Liberated. Like me. But no, she wasn’t strong enough. Like me.
I
stand at the foot of his bed staring at his lifeless body. Thankfully there’s
not much mess. It’s contained to the mattress. The pillow. The headboard. My
labored breathing escapes my lips in whispers. The house is silent around me,
keeping the secret of what I have just done. These walls are good at that; the
keeping of secrets. They have had a lot of practice.
It
was a peaceful way out for him. Asleep, he didn’t see it coming. He didn’t even
feel it. Which is more than he deserves. It was more than he gave my mother. But,
unlike him, I am not cruel. I am not evil. I am humane. I simply put him out of
his misery. More importantly, I put him out of mine.
Tears
spring to my eyes as flashes of my mother’s funeral rip through my mind. Black
dresses. Sniffling noses. Kind words. Hands patting condolences onto my
father’s shoulders. Hands shaking I’m so
sorry for your loss into his palm. Me, hiding in the corner staring daggers
into his back, wishing it was him in that wooden box instead of her. But what
those comforting looks and well wishers didn’t realize is that he put her
there. He beat her into a corner where her only escape was an orange bottle of
little pharmaceutical saviors. Eighty little white angels sang to her a song of
salvation and she flew away with them. She flew away from this hell. And left
me here.
That
night my backside made good friends with my father's belt. Every pore of that leather
strap screamed to me tales of his grief. With every sting of contact I cursed
my mother. One. How could you leave me? Five. Why didn’t you save me? Eight. Make
it stop. Ten. Make it stop. Twelve. Make it stop.
Someone
is sobbing. Someone is gurgling in their snot. It’s me. My hands shake so
violently that my attempt to wipe my nose with my forearm results in mucus
spreading like peanut butter across my cheek. Another sob racks my body,
punctuated by the sound of something metal hitting the floor. I dropped the
gun. His gun.
I
sink to my knees, resting my head against the foot of the bed, and stare at my
trembling hands. My hands no longer tethered by the chains of my father. They
don’t know what to do now that they no longer have to be clenched in
apprehension, in fear. So I watch them shake. They shake like the wings of a
butterfly having just emerged from the confines of the chrysalis.
Time
passes. Minutes, hours; I’m not sure. My feet tingle as they asphyxiate beneath
the weight of my body. I push myself up off the floor and wobble out of the
room and down the hall. Feeling has yet to return to my feet and I feel like I
am floating down the stairs. I suppose in a way I am floating, on redemption.
Yellow
sunlight drifts lazily in through the windows, baking away my tension. Even
though I am unsure of what will come next for me I am filled with a sense of
purpose. No longer am I living under the weight of oppression. No, I took care
of that with nine millimeters of brass and gunpowder.
Cars
pass down the street in front of our house. People walk their dogs, check their
mail. They are blissfully unaware of what has been transpiring right next door.

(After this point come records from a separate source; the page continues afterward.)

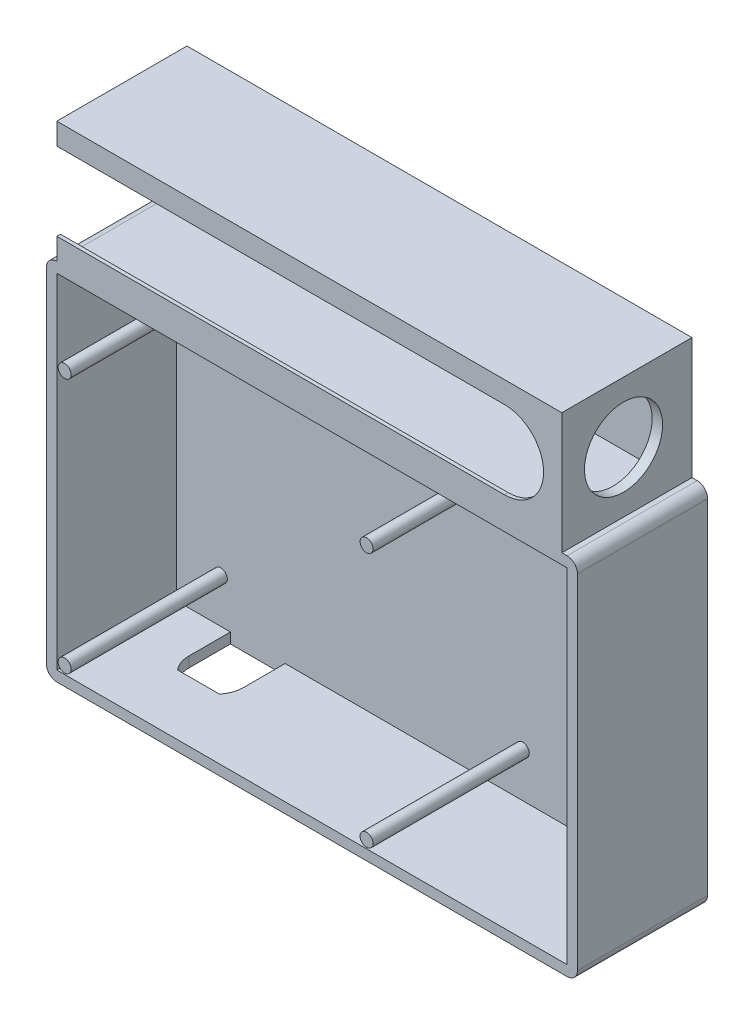
ISO-10303-21;
HEADER;
FILE_DESCRIPTION(('STEP AP214'),'2;1');
FILE_NAME('part.step','',(''),(''),'','','');
FILE_SCHEMA(('AUTOMOTIVE_DESIGN { 1 0 10303 214 1 1 1 1 }'));
ENDSEC;
DATA;
#1=APPLICATION_CONTEXT('core data for automotive mechanical design processes');
#2=APPLICATION_PROTOCOL_DEFINITION('international standard','automotive_design',2000,#1);
#3=PRODUCT_CONTEXT('',#1,'mechanical');
#4=PRODUCT('Part','Part','',(#3));
#5=PRODUCT_RELATED_PRODUCT_CATEGORY('part','',(#4));
#6=PRODUCT_DEFINITION_FORMATION('','',#4);
#7=PRODUCT_DEFINITION_CONTEXT('part definition',#1,'design');
#8=PRODUCT_DEFINITION('design','',#6,#7);
#9=PRODUCT_DEFINITION_SHAPE('','',#8);
#10=(LENGTH_UNIT() NAMED_UNIT(*) SI_UNIT(.MILLI.,.METRE.));
#11=(NAMED_UNIT(*) PLANE_ANGLE_UNIT() SI_UNIT($,.RADIAN.));
#12=(NAMED_UNIT(*) SI_UNIT($,.STERADIAN.) SOLID_ANGLE_UNIT());
#13=UNCERTAINTY_MEASURE_WITH_UNIT(LENGTH_MEASURE(1.E-05),#10,'distance_accuracy_value','');
#14=(GEOMETRIC_REPRESENTATION_CONTEXT(3) GLOBAL_UNCERTAINTY_ASSIGNED_CONTEXT((#13)) GLOBAL_UNIT_ASSIGNED_CONTEXT((#10,
#11,#12)) REPRESENTATION_CONTEXT('',''));
#15=CARTESIAN_POINT('',(0.,0.,0.));
#16=DIRECTION('',(0.,0.,1.));
#17=DIRECTION('',(1.,0.,0.));
#18=AXIS2_PLACEMENT_3D('',#15,#16,#17);
#19=CARTESIAN_POINT('',(-4.99999999999999,63.,25.));
#20=DIRECTION('',(0.,1.,0.));
#21=DIRECTION('',(0.,0.,1.));
#22=AXIS2_PLACEMENT_3D('',#19,#20,#21);
#23=PLANE('',#22);
#24=DIRECTION('',(0.,0.,-1.));
#25=VECTOR('',#24,1.);
#26=CARTESIAN_POINT('',(92.,63.,0.));
#27=LINE('',#26,#25);
#28=CARTESIAN_POINT('',(92.,63.,25.));
#29=VERTEX_POINT('',#28);
#30=CARTESIAN_POINT('',(92.,63.,0.));
#31=VERTEX_POINT('',#30);
#32=EDGE_CURVE('E58',#29,#31,#27,.T.);
#33=ORIENTED_EDGE('',*,*,#32,.F.);
#34=DIRECTION('',(1.,0.,0.));
#35=VECTOR('',#34,1.);
#36=CARTESIAN_POINT('',(-4.99999999999999,63.,25.));
#37=LINE('',#36,#35);
#38=CARTESIAN_POINT('',(93.,63.,25.));
#39=VERTEX_POINT('',#38);
#40=EDGE_CURVE('E373',#29,#39,#37,.T.);
#41=ORIENTED_EDGE('',*,*,#40,.T.);
#42=DIRECTION('',(0.,0.,-1.));
#43=VECTOR('',#42,1.);
#44=CARTESIAN_POINT('',(93.,63.,25.));
#45=LINE('',#44,#43);
#46=CARTESIAN_POINT('',(93.,63.,0.));
#47=VERTEX_POINT('',#46);
#48=EDGE_CURVE('E428',#39,#47,#45,.T.);
#49=ORIENTED_EDGE('',*,*,#48,.T.);
#50=DIRECTION('',(1.,0.,0.));
#51=VECTOR('',#50,1.);
#52=CARTESIAN_POINT('',(-4.99999999999999,63.,0.));
#53=LINE('',#52,#51);
#54=EDGE_CURVE('E396',#31,#47,#53,.T.);
#55=ORIENTED_EDGE('',*,*,#54,.F.);
#56=EDGE_LOOP('',(#33,#41,#49,#55));
#57=FACE_BOUND('',#56,.T.);
#58=ADVANCED_FACE('F35',(#57),#23,.T.);
#59=DIRECTION('',(0.,0.,-1.));
#60=VECTOR('',#59,1.);
#61=CARTESIAN_POINT('',(-4.99999999999999,63.,25.));
#62=LINE('',#61,#60);
#63=CARTESIAN_POINT('',(-4.99999999999999,63.,24.3));
#64=VERTEX_POINT('',#63);
#65=CARTESIAN_POINT('',(-5.,63.,2.));
#66=VERTEX_POINT('',#65);
#67=EDGE_CURVE('E50',#64,#66,#62,.T.);
#68=ORIENTED_EDGE('',*,*,#67,.F.);
#69=DIRECTION('',(-1.,0.,0.));
#70=VECTOR('',#69,1.);
#71=CARTESIAN_POINT('',(0.,63.,24.3));
#72=LINE('',#71,#70);
#73=CARTESIAN_POINT('',(90.,63.,24.3));
#74=VERTEX_POINT('',#73);
#75=EDGE_CURVE('E263',#74,#64,#72,.T.);
#76=ORIENTED_EDGE('',*,*,#75,.F.);
#77=DIRECTION('',(0.,0.,-1.));
#78=VECTOR('',#77,1.);
#79=CARTESIAN_POINT('',(90.,63.,0.));
#80=LINE('',#79,#78);
#81=CARTESIAN_POINT('',(90.,63.,2.));
#82=VERTEX_POINT('',#81);
#83=EDGE_CURVE('E281',#74,#82,#80,.T.);
#84=ORIENTED_EDGE('',*,*,#83,.T.);
#85=DIRECTION('',(-1.,0.,0.));
#86=VECTOR('',#85,1.);
#87=CARTESIAN_POINT('',(90.,63.,2.));
#88=LINE('',#87,#86);
#89=EDGE_CURVE('E311',#82,#66,#88,.T.);
#90=ORIENTED_EDGE('',*,*,#89,.T.);
#91=EDGE_LOOP('',(#68,#76,#84,#90));
#92=FACE_BOUND('',#91,.T.);
#93=ADVANCED_FACE('F522',(#92),#23,.T.);
#94=CARTESIAN_POINT('',(-4.99999999999999,-7.,25.));
#95=DIRECTION('',(0.,-1.,0.));
#96=DIRECTION('',(0.,0.,-1.));
#97=AXIS2_PLACEMENT_3D('',#94,#95,#96);
#98=PLANE('',#97);
#99=DIRECTION('',(-1.,0.,0.));
#100=VECTOR('',#99,1.);
#101=CARTESIAN_POINT('',(-4.99999999999999,-7.,0.));
#102=LINE('',#101,#100);
#103=CARTESIAN_POINT('',(93.,-7.,0.));
#104=VERTEX_POINT('',#103);
#105=CARTESIAN_POINT('',(-4.99999999999999,-7.,0.));
#106=VERTEX_POINT('',#105);
#107=EDGE_CURVE('E407',#104,#106,#102,.T.);
#108=ORIENTED_EDGE('',*,*,#107,.F.);
#109=DIRECTION('',(0.,0.,-1.));
#110=VECTOR('',#109,1.);
#111=CARTESIAN_POINT('',(93.,-7.,25.));
#112=LINE('',#111,#110);
#113=CARTESIAN_POINT('',(93.,-7.,25.));
#114=VERTEX_POINT('',#113);
#115=EDGE_CURVE('E422',#114,#104,#112,.T.);
#116=ORIENTED_EDGE('',*,*,#115,.F.);
#117=DIRECTION('',(-1.,0.,0.));
#118=VECTOR('',#117,1.);
#119=CARTESIAN_POINT('',(-4.99999999999999,-7.,25.));
#120=LINE('',#119,#118);
#121=CARTESIAN_POINT('',(-4.99999999999999,-7.,25.));
#122=VERTEX_POINT('',#121);
#123=EDGE_CURVE('E385',#114,#122,#120,.T.);
#124=ORIENTED_EDGE('',*,*,#123,.T.);
#125=DIRECTION('',(0.,0.,-1.));
#126=VECTOR('',#125,1.);
#127=CARTESIAN_POINT('',(-4.99999999999999,-7.,25.));
#128=LINE('',#127,#126);
#129=EDGE_CURVE('E420',#122,#106,#128,.T.);
#130=ORIENTED_EDGE('',*,*,#129,.T.);
#131=EDGE_LOOP('',(#108,#116,#124,#130));
#132=FACE_BOUND('',#131,.T.);
#133=CARTESIAN_POINT('',(10.6,-7.,10.));
#134=DIRECTION('',(0.,-1.,0.));
#135=DIRECTION('',(0.,0.,-1.));
#136=AXIS2_PLACEMENT_3D('',#133,#134,#135);
#137=CIRCLE('',#136,5.25);
#138=CARTESIAN_POINT('',(15.85,-7.,10.));
#139=VERTEX_POINT('',#138);
#140=CARTESIAN_POINT('',(14.6003124877939,-7.,13.4));
#141=VERTEX_POINT('',#140);
#142=EDGE_CURVE('E318',#139,#141,#137,.T.);
#143=ORIENTED_EDGE('',*,*,#142,.F.);
#144=DIRECTION('',(0.,0.,-1.));
#145=VECTOR('',#144,1.);
#146=CARTESIAN_POINT('',(15.85,-7.,0.));
#147=LINE('',#146,#145);
#148=CARTESIAN_POINT('',(15.85,-7.,2.));
#149=VERTEX_POINT('',#148);
#150=EDGE_CURVE('E315',#139,#149,#147,.T.);
#151=ORIENTED_EDGE('',*,*,#150,.T.);
#152=DIRECTION('',(-1.,0.,0.));
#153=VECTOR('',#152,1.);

The world keeps turning, even though to me it feels as though it came to a
screeching halt years ago.
In
the driveway sits my father’s police cruiser. The paint is shiny and clean. The
grass is edged, the shrubs pruned to perfection, and the driveway pressure washed.
Nothing is out of place; on the outside. Nobody would suspect that the pillar
of the community that was my father was actually a wolf in sheep’s clothing. If
only he actually was the man that everyone outside our home believed him to be.
Home. That word is a farce. The last thing this house ever was was a home.
The
silence is deafening now. Silence, my old friend. Silence means you’re safe. It
means a reprieve from cruel and cutting words. It grants amnesty from the fists
and belts. I know the peaceful quiet won’t last forever, so I drink it in. I
eat it up.
One
last look around the house shows me everything that I won’t miss; empty cans
and bottles, broken furniture left over from last night’s tornado of rage.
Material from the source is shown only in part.